There is a lot of anticipated excitement for multiple sclerosis treatments unveiled by Biogen at the 34th Congress of the European Committee for Treatment and Research in MS in Berlin.
During ECTRIMS, which is scheduled to end Friday, Cambridge, Mass.-based Biogen announced several key updates to its MS research at the conference, including long-term efficacy studies for Tecfidera (dimethyl fumarate) and Tysabri (natalizumab). That long-term data was something that particularly excited Bernd Kieseier, medical director of clinical development at Biogen, who spoke with BioSpace from the conference and shared his enthusiasm over the advances being made in multiple sclerosis research.
“There are so many things to be excited about… in this complex field of MS,” Kieseier said.
For Biogen particularly, the company presented data that supported the long-term use of its two leading MS drugs, Tysabri and Tecfidera. Study information Biogen presented showed that patients continue to benefit from Tysabri 10 years after beginning treatment and nine years after beginning treatment with Tecfidera. The clinical data shared, Kieseier said, is an important one for treating physicians, as well as patients.
“It’s an important message that if you treat patients for 10 years, the medications are still potent and clinically effective,” Kieseier said.
In addition to the long-term data for the two MS drugs, Biogen also presented data that supported treatment with Tysabri and Tecfidera in the early stages of disease diagnosis. Biogen’s data showed that newly diagnosed patients who were treated with Tecfidera experienced low annualized relapse rates. Additionally, the data showed that the majority of patients remained free from confirmed disability.
Kieseier also noted that the long-term data for Tysabri showed that the safety findings are consistent with the medication’s safety profile. He said that gives clinicians and prescribers the confidence to use the mediation to treat MS patients.
Not only is Biogen showing off the latest Tecfidera and Tysabri data, the company is also showcasing the safety and efficacy profiles of Plegridy (peginterferon beta-1a) and Avonex (interferon beta-1a), two widely prescribed MS interferon beta treatments. One of the key findings of the latest studies of the interferons showed that exposure to interferon beta treatment, which includes the two Biogen medications, before conception and/or during pregnancy did not adversely affect pregnancy or infant outcomes.
Additionally, a subgroup analysis from a clinical study showed that Plegridy also lowered the risk of chronic black holes, or atrophy of the brain, evolving from acute MRI lesions.
Not only was he excited about the research supporting Biogen’s MS pipeline, Kieseier was also eager to talk about the potential of sNfL a biomarker for MS disease activity that has potential to be used as a treatment monitoring tool. At one time it was a difficult biomarker to measure, but Kieseier said over the years different assays have been developed that allow it to be measured.

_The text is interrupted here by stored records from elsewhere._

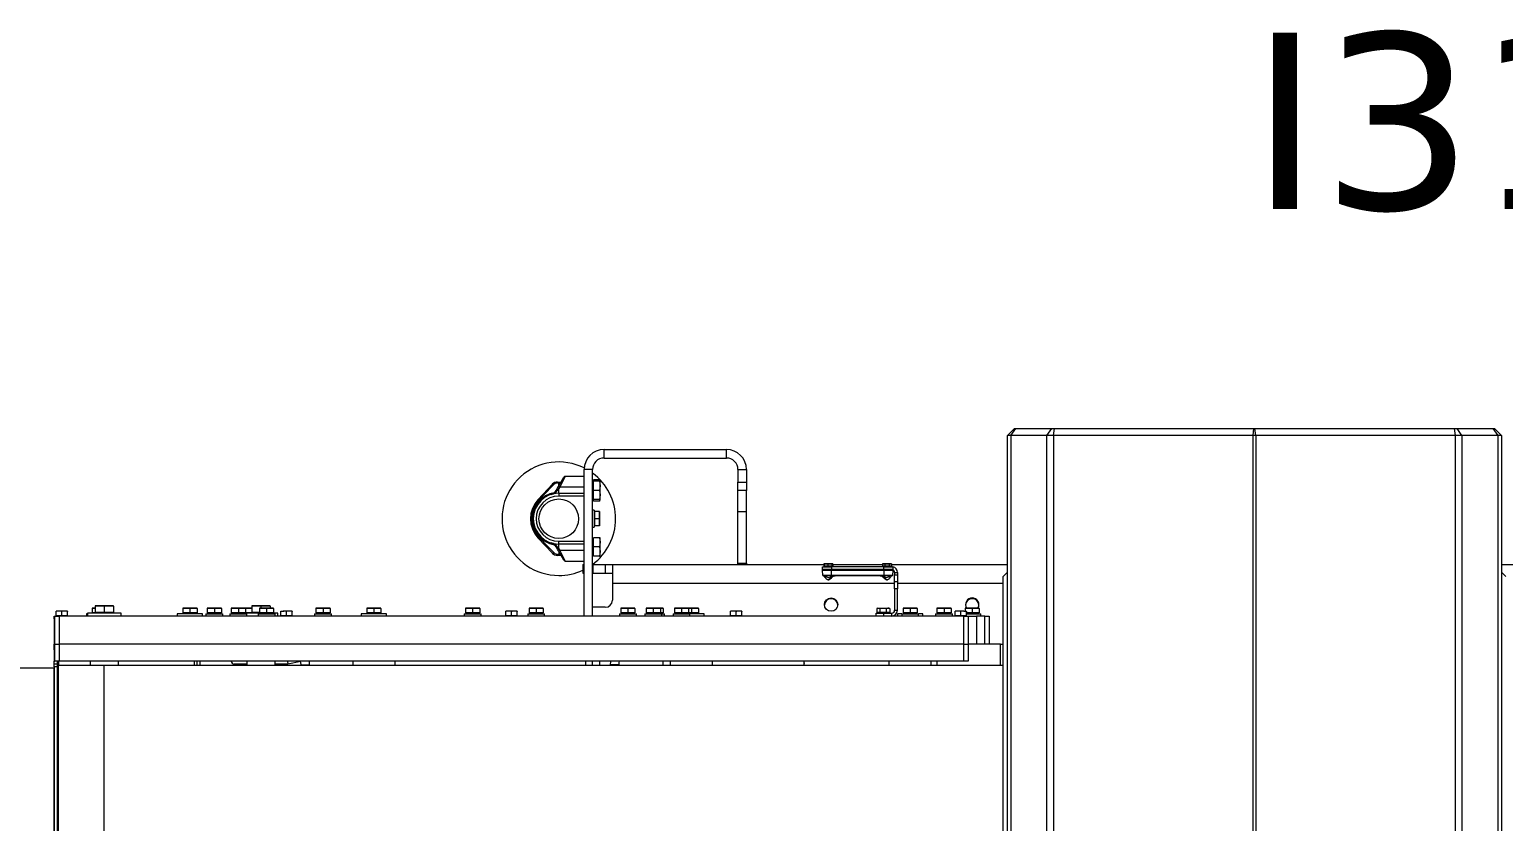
# Model space of a CAD drawing. Header units: millimetres. Extents: x -187347 to 135007, y -6415 to 292048.
# Drawn here: x -56730 to -55685, y 27578 to 28139 of the extents above; entities that cross this region are included whole.
import ezdxf

# ---------------------------------------------------------------- set-up
doc = ezdxf.new("R2010")
doc.units = ezdxf.units.MM
doc.header["$LTSCALE"] = 100
doc.linetypes.add('CENTER', pattern=[50.8, 31.75, -6.35, 6.35, -6.35])
doc.layers.get('0').update_dxf_attribs({"lineweight": 18})
doc.layers.add('Layout Kromeka', color=1, linetype='Continuous', lineweight=5)
doc.layers.add('Layout Multivac', color=2, linetype='Continuous')
doc.styles.add('SANSSERIFBOLD', font='verdana.ttf', dxfattribs={"height": 250})

# ---------------------------------------------------------------- blocks, each defined once
blk = doc.blocks.new('I319 MD_left to right')
at = {"color": 0, "linetype": 'Continuous', "lineweight": 18}
for p, q in [((1828.8, 2855), (1823.8, 2850)), ((1826.1, 2850), (1829.6, 2855)), ((1828.8, 2855), (1829.6, 2855)), ((1829.6, 2855), (1855.3, 2855)), ((1851.7, 2850), (1855.3, 2855)), ((1855.3, 2855), (1857, 2855)), ((1856.4, 2850), (1857, 2855)), ((1857, 2855), (1998.4, 2855)), ((1997.8, 2850), (1998.4, 2855)), ((1998.4, 2855), (1999.1, 2855)), ((1999.7, 2850), (1999.1, 2855)), ((1999.1, 2855), (2140.5, 2855)), ((2141.1, 2850), (2140.5, 2855)), ((2140.5, 2855), (2142.3, 2855)), ((2145.8, 2850), (2142.3, 2855)), ((2142.3, 2855), (2167.9, 2855)), ((2171.4, 2850), (2167.9, 2855)), ((2167.9, 2855), (2168.8, 2855)), ((2173.8, 2850), (2168.8, 2855)), ((1823.8, 1945), (1823.8, 2850)), ((1826.1, 2850), (1823.8, 2850)), ((1826.1, 2850), (1826.1, 1945)), ((1851.7, 2850), (1826.1, 2850)), ((1856.4, 2850), (1851.7, 2850)), ((1851.7, 1945), (1851.7, 2850)), ((1856.4, 2850), (1856.4, 1945)), ((1997.8, 2850), (1856.4, 2850)), ((1999.7, 2850), (1997.8, 2850)), ((1997.8, 1945), (1997.8, 2850)), ((1999.7, 2850), (1999.7, 1945)), ((2141.1, 2850), (1999.7, 2850)), ((2141.1, 1945), (2141.1, 2850)), ((2145.8, 2850), (2141.1, 2850)), ((2145.8, 2850), (2145.8, 1945)), ((2171.4, 2850), (2145.8, 2850)), ((2171.4, 1945), (2171.4, 2850)), ((2173.8, 2850), (2171.4, 2850)), ((2173.8, 2850), (2173.8, 1945)), ((1537.9, 2834), (1537.9, 2840)), ((1537.9, 2840), (1624.7, 2840)), ((1537.9, 2834), (1624.7, 2834)), ((1624.7, 2834), (1624.7, 2840)), ((1505.6, 2813.8), (1509.5, 2820.5)), ((1510.3, 2821), (1506.5, 2813.5)), ((1523.8, 2821), (1510.3, 2821)), ((1529.8, 2825.9), (1523.8, 2825.9)), ((1523.8, 2722), (1523.8, 2825.9)), ((1529.8, 2722), (1529.8, 2825.9)), ((1632.8, 2825.9), (1638.8, 2825.9)), ((1632.8, 2825.9), (1632.8, 2817)), ((1638.8, 2825.9), (1638.8, 2817)), ((1491.2, 2804.7), (1501.3, 2815.5)), ((1504, 2811), (1504.9, 2812.6)), ((1505.8, 2812.5), (1504.8, 2811.1)), ((1504.9, 2817), (1505.8, 2817)), ((1505.8, 2816.3), (1504.9, 2816.3)), ((1504.9, 2812.6), (1505.6, 2813.8)), ((1505.8, 2816.3), (1505.8, 2817)), ((1505.8, 2817), (1507.5, 2817)), ((1505.8, 2814.1), (1505.8, 2816.3)), ((1507, 2816.3), (1505.8, 2816.3)), ((1506.5, 2813.5), (1505.8, 2812.5)), ((1505.8, 2809), (1505.8, 2812.5)), ((1506.5, 2813.5), (1523.8, 2813.5)), ((1530.4, 2816.9), (1529.8, 2816.9)), ((1530.4, 2817.5), (1530.4, 2818.5)), ((1534.8, 2818.5), (1530.4, 2818.5)), ((1530.4, 2811), (1530.4, 2817.5)), ((1534.8, 2817.5), (1530.4, 2817.5)), ((1534.8, 2811), (1530.4, 2811)), ((1530.4, 2804.5), (1530.4, 2811)), ((1535.1, 2817.5), (1534.8, 2818.5)), ((1534.8, 2818.5), (1534.9, 2817.5)), ((1534.8, 2817.5), (1535.1, 2814.3)), ((1535.1, 2817.5), (1534.8, 2817.5)), ((1534.8, 2811), (1535.1, 2807.8)), ((1535.1, 2814.3), (1535.1, 2817.5)), ((1535.1, 2807.8), (1535.1, 2814.3)), ((1632.8, 2817), (1638.8, 2817)), ((1632.8, 2811), (1632.8, 2817)), ((1638.8, 2811), (1632.8, 2811)), ((1632.8, 2796), (1632.8, 2811)), ((1638.8, 2817), (1638.8, 2811)), ((1638.8, 2796), (1638.8, 2811)), ((1491.7, 2804.3), (1491.2, 2804.7)), ((1505.8, 2809), (1505.8, 2807)), ((1505.8, 2809), (1523.8, 2809)), ((1523.8, 2807), (1505.8, 2807)), ((1529.8, 2805.2), (1530.4, 2805.2)), ((1530.4, 2803.5), (1530.4, 2804.5)), ((1534.8, 2804.5), (1530.4, 2804.5)), ((1534.8, 2803.5), (1530.4, 2803.5)), ((1535.1, 2807.8), (1534.8, 2804.5)), ((1534.8, 2803.5), (1535.1, 2804.5)), ((1534.9, 2804.5), (1534.8, 2803.5)), ((1534.8, 2804.5), (1535.1, 2804.5)), ((1535.1, 2804.5), (1535.1, 2807.8)), ((1530.8, 2797), (1529.8, 2797)), ((1530.8, 2797), (1530.8, 2785)), ((1531.4, 2795.5), (1530.8, 2795.5)), ((1534.6, 2796), (1531.4, 2796)), ((1531.4, 2791), (1531.4, 2796)), ((1534.6, 2791), (1531.4, 2791)), ((1531.4, 2786), (1531.4, 2791)), ((1534.6, 2796), (1534.8, 2793.5)), ((1534.8, 2796), (1534.6, 2796)), ((1534.8, 2793.5), (1534.6, 2791)), ((1534.6, 2791), (1534.8, 2788.5)), ((1534.8, 2793.5), (1534.8, 2796)), ((1534.8, 2788.5), (1534.8, 2793.5)), ((1632.8, 2796), (1638.8, 2796)), ((1632.8, 2759.5), (1632.8, 2796)), ((1638.8, 2759.5), (1638.8, 2796)), ((1529.8, 2785), (1530.8, 2785)), ((1530.8, 2786.6), (1531.4, 2786.6)), ((1534.6, 2786), (1531.4, 2786)), ((1534.8, 2788.5), (1534.6, 2786)), ((1534.6, 2786), (1534.8, 2786)), ((1534.8, 2786), (1534.8, 2788.5)), ((1491.7, 2777.8), (1491.2, 2777.3)), ((1501.3, 2766.6), (1491.2, 2777.3)), ((1504.9, 2769.5), (1504, 2771.1)), ((1504.8, 2770.9), (1505.8, 2769.6)), ((1505.6, 2768.3), (1504.9, 2769.5)), ((1509.5, 2761.5), (1505.6, 2768.3)), ((1505.8, 2775), (1523.8, 2775)), ((1505.8, 2773), (1505.8, 2775)), ((1523.8, 2773), (1505.8, 2773)), ((1505.8, 2769.6), (1505.8, 2773)), ((1505.8, 2769.6), (1506.5, 2768.5)), ((1505.8, 2768), (1505.8, 2765.8)), ((1523.8, 2768.5), (1506.5, 2768.5)), ((1506.5, 2768.5), (1510.3, 2761)), ((1530.4, 2776.9), (1529.8, 2776.9)), ((1530.4, 2771), (1530.4, 2777.5)), ((1534.8, 2777.5), (1530.4, 2777.5)), ((1534.8, 2771), (1530.4, 2771)), ((1530.4, 2764.5), (1530.4, 2771)), ((1534.8, 2777.5), (1535.1, 2774.3)), ((1535.1, 2777.5), (1534.8, 2777.5)), ((1534.8, 2771), (1535.1, 2767.8)), ((1535.1, 2767.8), (1534.8, 2764.5)), ((1535.1, 2774.3), (1535.1, 2777.5)), ((1535.1, 2767.8), (1535.1, 2774.3)), ((1535.1, 2764.5), (1535.1, 2767.8)), ((1504.9, 2765.8), (1505.8, 2765.8)), ((1505.8, 2765), (1504.9, 2765)), ((1505.8, 2765.8), (1505.8, 2765)), ((1505.8, 2765.8), (1507, 2765.8)), ((1507.5, 2765), (1505.8, 2765)), ((1510.3, 2761), (1523.8, 2761)), ((1522.8, 2758.5), (1522.8, 2752.5)), ((1522.8, 2758.5), (1523.8, 2758.5)), ((1529.8, 2765.2), (1530.4, 2765.2)), ((1529.8, 2758.5), (1530, 2758.5)), ((1530, 2758.5), (1530, 2752.5)), ((1530, 2758.5), (1538.8, 2758.5)), ((1534.8, 2764.5), (1530.4, 2764.5)), ((1534.8, 2764.5), (1535.1, 2764.5)), ((1538.8, 2758.5), (1538.8, 2752.5)), ((1538.8, 2758.5), (1543.8, 2758.5)), ((1543.8, 2758.5), (1693.6, 2758.5)), ((1543.8, 2758.5), (1543.8, 2745.4)), ((1632.8, 2759.5), (1638.8, 2759.5)), ((1632.8, 2758.5), (1632.8, 2759.5)), ((1638.8, 2759.5), (1638.8, 2758.5)), ((1694.1, 2759), (1693.6, 2758.9)), ((1693.6, 2758.9), (1694, 2759)), ((1693.6, 2758.9), (1693.6, 2757.4)), ((1693.9, 2757.4), (1693.6, 2757.4)), ((1693.9, 2758.9), (1695.2, 2759)), ((1694.1, 2759), (1693.9, 2758.9)), ((1693.9, 2758.9), (1693.9, 2757.4)), ((1696.5, 2757.4), (1693.9, 2757.4)), ((1695.2, 2759), (1694.1, 2759)), ((1694.5, 2757.4), (1694.5, 2757)), ((1695.2, 2759), (1696.5, 2758.9)), ((1697.9, 2759), (1695.2, 2759)), ((1696.5, 2758.9), (1696.5, 2757.4)), ((1699.4, 2757.4), (1696.5, 2757.4)), ((1697.9, 2759), (1699.4, 2758.9)), ((1699.6, 2759), (1697.9, 2759)), ((1699.1, 2757), (1699.1, 2757.4)), ((1699.4, 2758.9), (1699.6, 2759)), ((1699.4, 2758.9), (1699.4, 2757.4)), ((1699.7, 2757.4), (1699.4, 2757.4)), ((1700, 2758.9), (1699.6, 2759)), ((1699.6, 2759), (1699.7, 2758.9)), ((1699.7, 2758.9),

“There’s huge excitement that this marker could become something meaningful in clinical practice, but there’s still much work to be done before that,” Kieseier said.
Kieseier said researchers will continue to conduct tests to establish norms with the biomarker. The hope is that at some point, a blood test to measure the biomarker would be able to replace an MRI scan for MS patients. He said this would be easier and could “easily change the way how we assess the disease.”
If a patient has high levels of the biomarker, physicians could choose to be more aggressive in how they might want to treat the disease. The test, should it become a norm, could allow a higher frequency of patient monitoring, he added. Such a disease monitoring tool combined with the efficacy of Biogen’s MS medications, would be beneficial weapons in the fight against the disease, Kieseier said.
“In general, we’re heavily supporting the ongoing activities around the new biomarker and will try to make this happen. It can be a game changer,” he said,
Biogen also shared results from MS PATHS to detail cognitive changes, and show the importance of clinically meaningful benchmarks of disease progression on patients’ daily lives. MS patients express cognitive decline early on, Kieseier said. The data being gathered will help with personalized treatment options, he added.
As Biogen and other researchers continue to unlock the complexities of multiple sclerosis, Kieseier said he is optimistic that they will be able to “solve many of the questions around the disease” and ultimately develop treatments that will benefit patients.